* WHAT TO WORK ON: Repeat the records below exactly from the line containing "[v1y_pref] -> overall" to the line containing "py_ini1 : Inport", taking in both of those lines. Drop the pictures.

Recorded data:
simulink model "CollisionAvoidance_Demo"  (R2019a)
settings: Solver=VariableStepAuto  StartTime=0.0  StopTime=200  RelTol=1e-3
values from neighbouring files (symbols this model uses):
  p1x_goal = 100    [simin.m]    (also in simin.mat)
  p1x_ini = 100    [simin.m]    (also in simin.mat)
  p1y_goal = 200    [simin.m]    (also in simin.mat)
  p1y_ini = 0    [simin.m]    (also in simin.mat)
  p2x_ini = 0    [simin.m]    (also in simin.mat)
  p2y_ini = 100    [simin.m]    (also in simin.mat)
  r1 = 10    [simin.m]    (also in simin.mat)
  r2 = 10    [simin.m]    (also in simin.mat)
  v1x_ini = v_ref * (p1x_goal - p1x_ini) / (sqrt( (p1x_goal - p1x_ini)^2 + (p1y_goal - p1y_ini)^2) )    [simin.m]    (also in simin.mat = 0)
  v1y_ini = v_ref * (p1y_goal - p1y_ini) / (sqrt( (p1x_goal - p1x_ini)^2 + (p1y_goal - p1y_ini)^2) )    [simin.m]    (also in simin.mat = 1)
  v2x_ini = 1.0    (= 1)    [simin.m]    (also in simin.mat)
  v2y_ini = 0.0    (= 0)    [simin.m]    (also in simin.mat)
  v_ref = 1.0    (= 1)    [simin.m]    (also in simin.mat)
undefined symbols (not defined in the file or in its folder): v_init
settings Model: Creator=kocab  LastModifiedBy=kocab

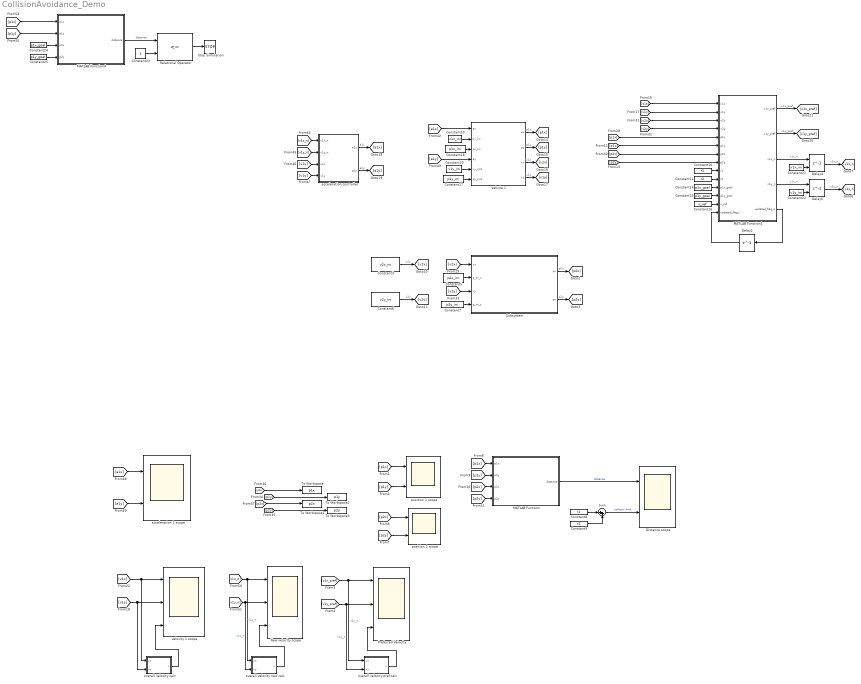
== system CollisionAvoidance_Demo ==
  Constant10 : Constant  Value=r1
  Constant11 : Constant  Value=r2
  Constant14 : Constant  Value=p1x_goal
  Constant15 : Constant  Value=p1y_goal
  Constant16 : Constant  Value=v_ref
  Constant17 : Constant  Value=p1y_ini
  Constant18 : Constant  Value=p1x_ini
  Constant19 : Constant  Value=v1x_ini
  Constant20 : Constant  Value=v1y_ini
  Constant21 : Constant  Value=v1x_ini
  Constant22 : Constant  Value=v1y_ini
  Constant23 : Constant
  Constant24 : Constant  Value=p1x_goal
  Constant25 : Constant  Value=p1y_goal
  Constant3 : Constant  Value=v2x_ini
  Constant5 : Constant  Value=p2x_ini
  Constant6 : Constant  Value=v2y_ini
  Constant7 : Constant  Value=p2y_ini
  Constant8 : Constant  Value=r1
  Constant9 : Constant  Value=r2
  Delay2 : Delay  DelayLength=1  InitialCondition=0
  Delay4 : Delay  DelayLength=1  InitialConditionSource=Input port
      settings: InputPortMap=u0,p4
  Delay5 : Delay  DelayLength=1  InitialConditionSource=Input port
      settings: InputPortMap=u0,p4
  Distance scope : Scope  NumInputPorts=2
  MATLAB Function : MATLAB Function  TreatAsAtomicUnit=on
  MATLAB Function1 : MATLAB Function  TreatAsAtomicUnit=on
  MATLAB Function4 : MATLAB Function  TreatAsAtomicUnit=on
  New velocity scope : Scope  NumInputPorts=3
  Preferred Velocity : Scope  NumInputPorts=3
  Relational Operator : RelationalOperator  Operator=<=  OutDataTypeStr=boolean  RndMeth=Simplest
  Stop Simulation : Stop
  Subsystem : Subsystem
  Sum : Sum  Inputs=|++
  To Workspace : ToWorkspace  VariableName=p1x  SampleTime=-1
  To Workspace1 : ToWorkspace  VariableName=p2x  SampleTime=-1
  To Workspace2 : ToWorkspace  VariableName=p1y  SampleTime=-1
  To Workspace3 : ToWorkspace  VariableName=p2y  SampleTime=-1
  Vehicle 1 : Subsystem
  acceleration 1 scope : Scope  NumInputPorts=2
  acceleration controller : MATLAB Function  TreatAsAtomicUnit=on
  overall velocity calc : MATLAB Function  TreatAsAtomicUnit=on
  overall velocity new calc : MATLAB Function  TreatAsAtomicUnit=on
  overall velocity pref calc : MATLAB Function  TreatAsAtomicUnit=on
  "position 1 scope " : Scope  NumInputPorts=2
  position 2 scope : Scope  NumInputPorts=2
  velocity 1 scope : Scope  NumInputPorts=3
  wires:
  Subsystem/1(px) -> [p2x]  "p2x"
  Constant3/1 -> [v2x]  "v2x"
  Constant5/1 -> Subsystem/2(p_ini_x)
  Constant6/1 -> [v2y]  "v2y"
  Constant7/1 -> Subsystem/4(p_ini_y)
  Subsystem/2(py) -> [p2y]  "p2y"
  [p1x] -> "position 1 scope "/1
  [p1y] -> "position 1 scope "/2
  [p2y] -> position 2 scope/2
  [p2x] -> position 2 scope/1
  [p1x] -> MATLAB Function/1(p1x)
  [p1y] -> MATLAB Function/2(p1y)
  [p2x] -> MATLAB Function/3(p2x)
  [p2y] -> MATLAB Function/4(p2y)
  MATLAB Function/1(distance) -> Distance scope/1  "distance"
  Constant9/1 -> Sum/2
  Constant8/1 -> Sum/1
  Sum/1 -> Distance scope/2  "collision limit"
  Constant10/1 -> MATLAB Function1/9(r1)
  [p1y] -> MATLAB Function1/6(p1y)
  [v1y] -> MATLAB Function1/2(v1y)
  [v1x] -> MATLAB Function1/1(v1x)
  [p2y] -> MATLAB Function1/8(p2y)
  Constant11/1 -> MATLAB Function1/10(r2)
  MATLAB Function1/3(v1x_n) -> Delay4/1  "v1x_n"
  Delay5/1 -> [v1y_n]  "v1y_n"
  [v1y] -> velocity 1 scope/2, overall velocity calc/2(vy)
  [v1x] -> overall velocity calc/1(vx), velocity 1 scope/1
  Delay2/1 -> MATLAB Function1/14(updated_flag_i)
  MATLAB Function1/5(updated_flag_o) -> Delay2/1
  [p1x] -> MATLAB Function1/5(p1x)
  [p2x] -> MATLAB Function1/7(p2x)
  [v2x] -> MATLAB Function1/3(v2x)
  [v2y] -> MATLAB Function1/4(v2y)
  [v2x] -> Subsystem/1(vx)
  [v2y] -> Subsystem/3(vy)
  [p1x] -> To Workspace/1
  [p2x] -> To Workspace1/1
  [p1y] -> To Workspace2/1
  [p2y] -> To Workspace3/1
  Constant14/1 -> MATLAB Function1/11(p1x_goal)
  Constant15/1 -> MATLAB Function1/12(p1y_goal)
  Constant16/1 -> MATLAB Function1/13(v_ref)
  [a1y] -> Vehicle 1/4(ay)
  [a1x] -> Vehicle 1/1(ax)
  Constant17/1 -> Vehicle 1/6(py_ini1)
  Constant18/1 -> Vehicle 1/3(px_ini)
  Constant20/1 -> Vehicle 1/5(vy_ini1)
  Constant19/1 -> Vehicle 1/2(vx_ini)
  Vehicle 1/1(px) -> [p1x]  "p1x"
  Vehicle 1/2(py) -> [p1y]  "p1y"
  Vehicle 1/3(vx) -> [v1x]  "v1x"
  Vehicle 1/4(vy) -> [v1y]  "v1y"
  acceleration controller/1(a1x) -> [a1x]  "a1x"
  [v1x_n] -> acceleration controller/1(v1x_n)
  [v1y_n] -> acceleration controller/2(v1y_n)
  [v1x] -> acceleration controller/3(v1x)
  [v1y] -> acceleration controller/4(v1y)
  [a1x] -> acceleration 1 scope/1
  [a1y] -> acceleration 1 scope/2
  [v1y_n] -> overall velocity new calc/2(vy), New velocity scope/2  "v1y_n"
  [v1x_n] -> overall velocity new calc/1(vx), New velocity scope/1  "v1x_n"
  acceleration controller/2(a1y) -> [a1y]  "a1y"
  Constant21/1 -> Delay4/2
  Delay4/1 -> [v1x_n]  "v1x_n"
  MATLAB Function1/4(v1y_n) -> Delay5/1  "v1x_n"
  Constant22/1 -> Delay5/2
  MATLAB Function4/1(distance) -> Relational Operator/1  "distance"
  Constant23/1 -> Relational Operator/2
  [p1x] -> MATLAB Function4/1(p1x)
  [p1y] -> MATLAB Function4/2(p1y)
  Constant24/1 -> MATLAB Function4/3(p2x)
  Constant25/1 -> MATLAB Function4/4(p2y)
  Relational Operator/1 -> Stop Simulation/1
  overall velocity calc/1(v) -> velocity 1 scope/3
  MATLAB Function1/1(v1x_pref) -> [v1x_pref]  "v1x_pref"
  MATLAB Function1/2(v1y_pref) -> [v1y_pref]  "v1y_pref"
  overall velocity new calc/1(v) -> New velocity scope/3
  [v1x_pref] -> Preferred Velocity/1, overall velocity pref calc/1(vx)  "v1x_n"
  overall velocity pref calc/1(v) -> Preferred Velocity/3
  [v1y_pref] -> overall velocity pref calc/2(vy), Preferred Velocity/2  "v1y_n"

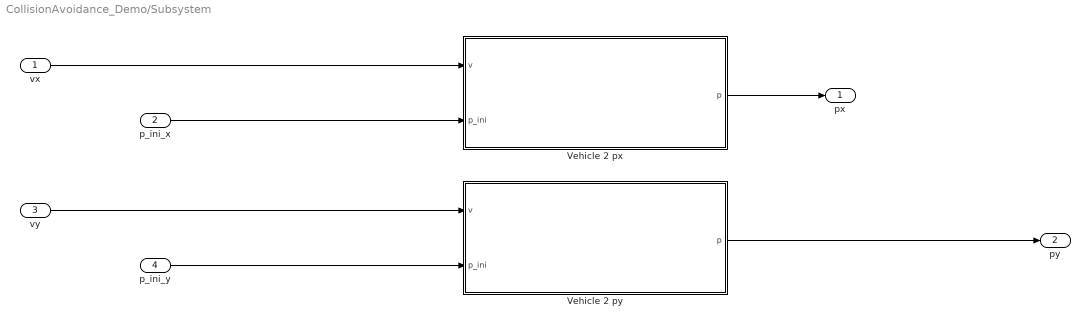
== system CollisionAvoidance_Demo/Subsystem ==
  vx : Inport
  p_ini_x : Inport  Port=2
  vy : Inport  Port=3
  p_ini_y : Inport  Port=4
  Vehicle 2 px : Subsystem
  Vehicle 2 py : Subsystem
  px : Outport
  py : Outport  Port=2
  wires:
  p_ini_y/1 -> Vehicle 2 py/2(p_ini)
  vx/1 -> Vehicle 2 px/1(v)
  vy/1 -> Vehicle 2 py/1(v)
  p_ini_x/1 -> Vehicle 2 px/2(p_ini)
  Vehicle 2 px/1(p) -> px/1
  Vehicle 2 py/1(p) -> py/1

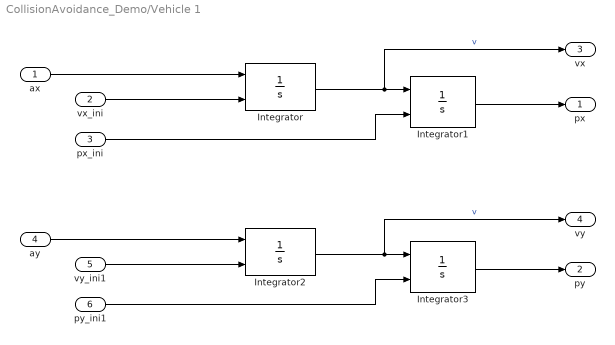
== system CollisionAvoidance_Demo/Vehicle 1 ==
  ax : Inport
  vx_ini : Inport  Port=2
  px_ini : Inport  Port=3
  ay : Inport  Port=4
  vy_ini1 : Inport  Port=5
  py_ini1 : Inport  Port=6
  Integrator : Integrator  InitialConditionSource=external  InitialCondition=v_init
  Integrator1 : Integrator  InitialConditionSource=external
  Integrator2 : Integrator  InitialConditionSource=external  InitialCondition=v_init
  Integrator3 : Integrator  InitialConditionSource=external
  px : Outport
  py : Outport  Port=2
  vx : Outport  Port=3
  vy : Outport  Port=4
  wires:
  ax/1 -> Integrator/1
  Integrator/1 -> vx/1, Integrator1/1  "v"
  px_ini/1 -> Integrator1/2
  vx_ini/1 -> Integrator/2
  Integrator1/1 -> px/1
  vy_ini1/1 -> Integrator2/2
  Integrator2/1 -> vy/1, Integrator3/1  "v"
  py_ini1/1 -> Integrator3/2
  ay/1 -> Integrator2/1
  Integrator3/1 -> py/1

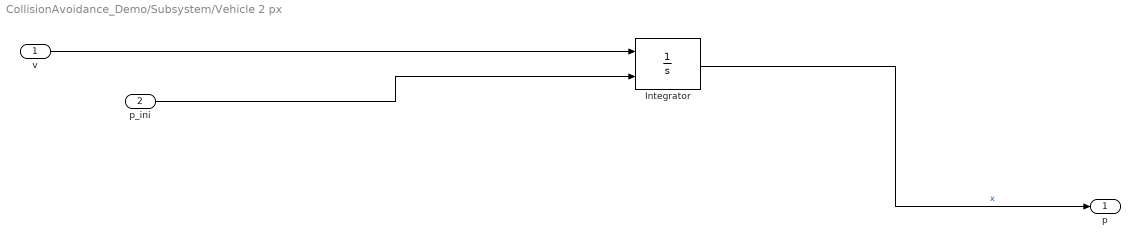
== system CollisionAvoidance_Demo/Subsystem/Vehicle 2 px ==
  v : Inport
  p_ini : Inport  Port=2
  Integrator : Integrator  InitialConditionSource=external
  p : Outport
  wires:
  p_ini/1 -> Integrator/2
  Integrator/1 -> p/1  "x"
  v/1 -> Integrator/1

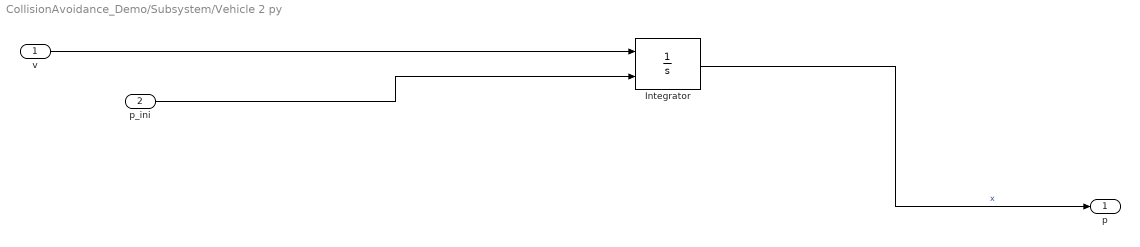
== system CollisionAvoidance_Demo/Subsystem/Vehicle 2 py ==
  v : Inport
  p_ini : Inport  Port=2
  Integrator : Integrator  InitialConditionSource=external
  p : Outport
  wires:
  p_ini/1 -> Integrator/2
  Integrator/1 -> p/1  "x"
  v/1 -> Integrator/1

== matlab function CollisionAvoidance_Demo/MATLAB Function1 ==
  data: v1x_pref output; v1y_pref output; v1x input; v1x_n output; v1y input; v2x input; v2y input; p1x input; p1y input; p2x input; p2y input; r1 input; r2 input; p1x_goal input; p1y_goal input; v_ref input; v1y_n output; updated_flag_i input; updated_flag_o output
function [v1x_pref, v1y_pref, v1x_n, v1y_n, updated_flag_o] = fcn(v1x, v1y, v2x, v2y, p1x, p1y, p2x, p2y, r1, r2, p1x_goal, p1y_goal, v_ref, updated_flag_i)
% compute preferred velocity
v1x_pref = v_ref * (p1x_goal - p1x) / (sqrt( (p1x_goal - p1x)^2 + (p1y_goal - p1y)^2) ) ;
v1y_pref = v_ref * (p1y_goal - p1y) / (sqrt( (p1x_goal - p1x)^2 + (p1y_goal - p1y)^2) ) ;
% margin
Theta_marg = 1.0 ;
%% Initialization
v1x_n = v1x_pref ;
v1y_n = v1y_pref ;
updated_flag_o = 0 ;


if (updated_flag_i == 1)
%     v1x_n = v1x_pref ;
%     v1y_n = v1y_pref ;
else
    %% Computation tangent to collision circle (for position graph)
    % Theta1 : angle( x-axis , line(p1,p2) )
    % Theta2 : angle( line(p1,p2) , tangents of collision circle)
    Theta1 = atan( (p2y - p1y) / (p2x - p1x) ) ;
    Theta2 = asin( (r1 + r2) / distance(p1x,p1y,p2x,p2y) ) * Theta_marg ;

    % m1 : slope of first tangent
    % m2 : slope of second tangent
    m1 = tan( Theta1 - Theta2 ) ;
    m2 = tan( Theta1 + Theta2 ) ;
    
    %% Computation new velocity (for velocity graph)
    % compute relative velocity
    v1x_rel = v1x_pref - v2x ;
    v1y_rel = v1y_pref - v2y ;
    % is relative velocity within collision limits
    isCollision = ((v1y_rel/v1x_rel) > m1) && ((v1y_rel/v1x_rel) < m2) ;
    % new velocity initialization
    v1x_n1 = 0 ;
    v1y_n1 = 0 ;
    v1x_n2 = 0 ;
    v1y_n2 = 0 ;
    if isCollision
        % option 1
        v1x_n1 = v2x + ( v1x_rel + (v1y_rel - m1 * v1x_rel) * m1 / (m1^2 + 1) ) ;
        v1y_n1 = v2y + ( v1y_rel - (v1y_rel - m1 * v1x_rel) / (m1^2 + 1) ) ;
        % option 2
        v1x_n2 = v2x + ( v1x_rel + (v1y_rel - m2 * v1x_rel) * m2 / (m2^2 + 1) ) ;
        v1y_n2 = v2y + ( v1y_rel - (v1y_rel - m2 * v1x_rel) / (m2^2 + 1) ) ;
            % choose nearest option
        if (distance(v1x_pref,v1y_pref,v1x_n1,v1y_n1) < distance(v1x_pref,v1y_pref,v1x_n2,v1y_n2))
            v1x_n = v1x_n1 ;
            v1y_n = v1y_n1 ;
        else
            v1x_n = v1x_n2 ;
            v1y_n = v1y_n2 ;
        end

    else
        % no velocity update
    end
end
end

== matlab function CollisionAvoidance_Demo/MATLAB Function ==
  data: p1x input; distance output; p1y input; p2x input; p2y input
function distance = distance(p1x,p1y,p2x,p2y)
    
distance = sqrt((p1x-p2x)^2+(p1y-p2y)^2);

== matlab function CollisionAvoidance_Demo/acceleration controller ==
  data: v1x_n input; a1x output; v1y_n input; a1y output; v1x input; v1y input
function [a1x, a1y] = fcn(v1x_n, v1y_n, v1x, v1y)
a1x = v1x_n - v1x ;
a1y = v1y_n - v1y ;

== matlab function CollisionAvoidance_Demo/MATLAB Function4 ==
  data: p1x input; distance output; p1y input; p2x input; p2y input
function distance = distance(p1x,p1y,p2x,p2y)
    
distance = sqrt((p1x-p2x)^2+(p1y-p2y)^2);

== matlab function CollisionAvoidance_Demo/overall velocity calc ==
  data: vx input; v output; vy input
function v = fcn(vx,vy)

v = sqrt( vx^2 + vy^2 ) ;

== matlab function CollisionAvoidance_Demo/overall velocity new calc ==
  data: vx input; v output; vy input
function v = fcn(vx,vy)

v = sqrt( vx^2 + vy^2 ) ;

== matlab function CollisionAvoidance_Demo/overall velocity pref calc ==
  data: vx input; v output; vy input
function v = fcn(vx,vy)

v = sqrt( vx^2 + vy^2 ) ;

* REPLY TO THE EXERCISE:
  [v1y_pref] -> overall velocity pref calc/2(vy), Preferred Velocity/2  "v1y_n"

== system CollisionAvoidance_Demo/Subsystem ==
  vx : Inport
  p_ini_x : Inport  Port=2
  vy : Inport  Port=3
  p_ini_y : Inport  Port=4
  Vehicle 2 px : Subsystem
  Vehicle 2 py : Subsystem
  px : Outport
  py : Outport  Port=2
  wires:
  p_ini_y/1 -> Vehicle 2 py/2(p_ini)
  vx/1 -> Vehicle 2 px/1(v)
  vy/1 -> Vehicle 2 py/1(v)
  p_ini_x/1 -> Vehicle 2 px/2(p_ini)
  Vehicle 2 px/1(p) -> px/1
  Vehicle 2 py/1(p) -> py/1

== system CollisionAvoidance_Demo/Vehicle 1 ==
  ax : Inport
  vx_ini : Inport  Port=2
  px_ini : Inport  Port=3
  ay : Inport  Port=4
  vy_ini1 : Inport  Port=5
  py_ini1 : Inport  Port=6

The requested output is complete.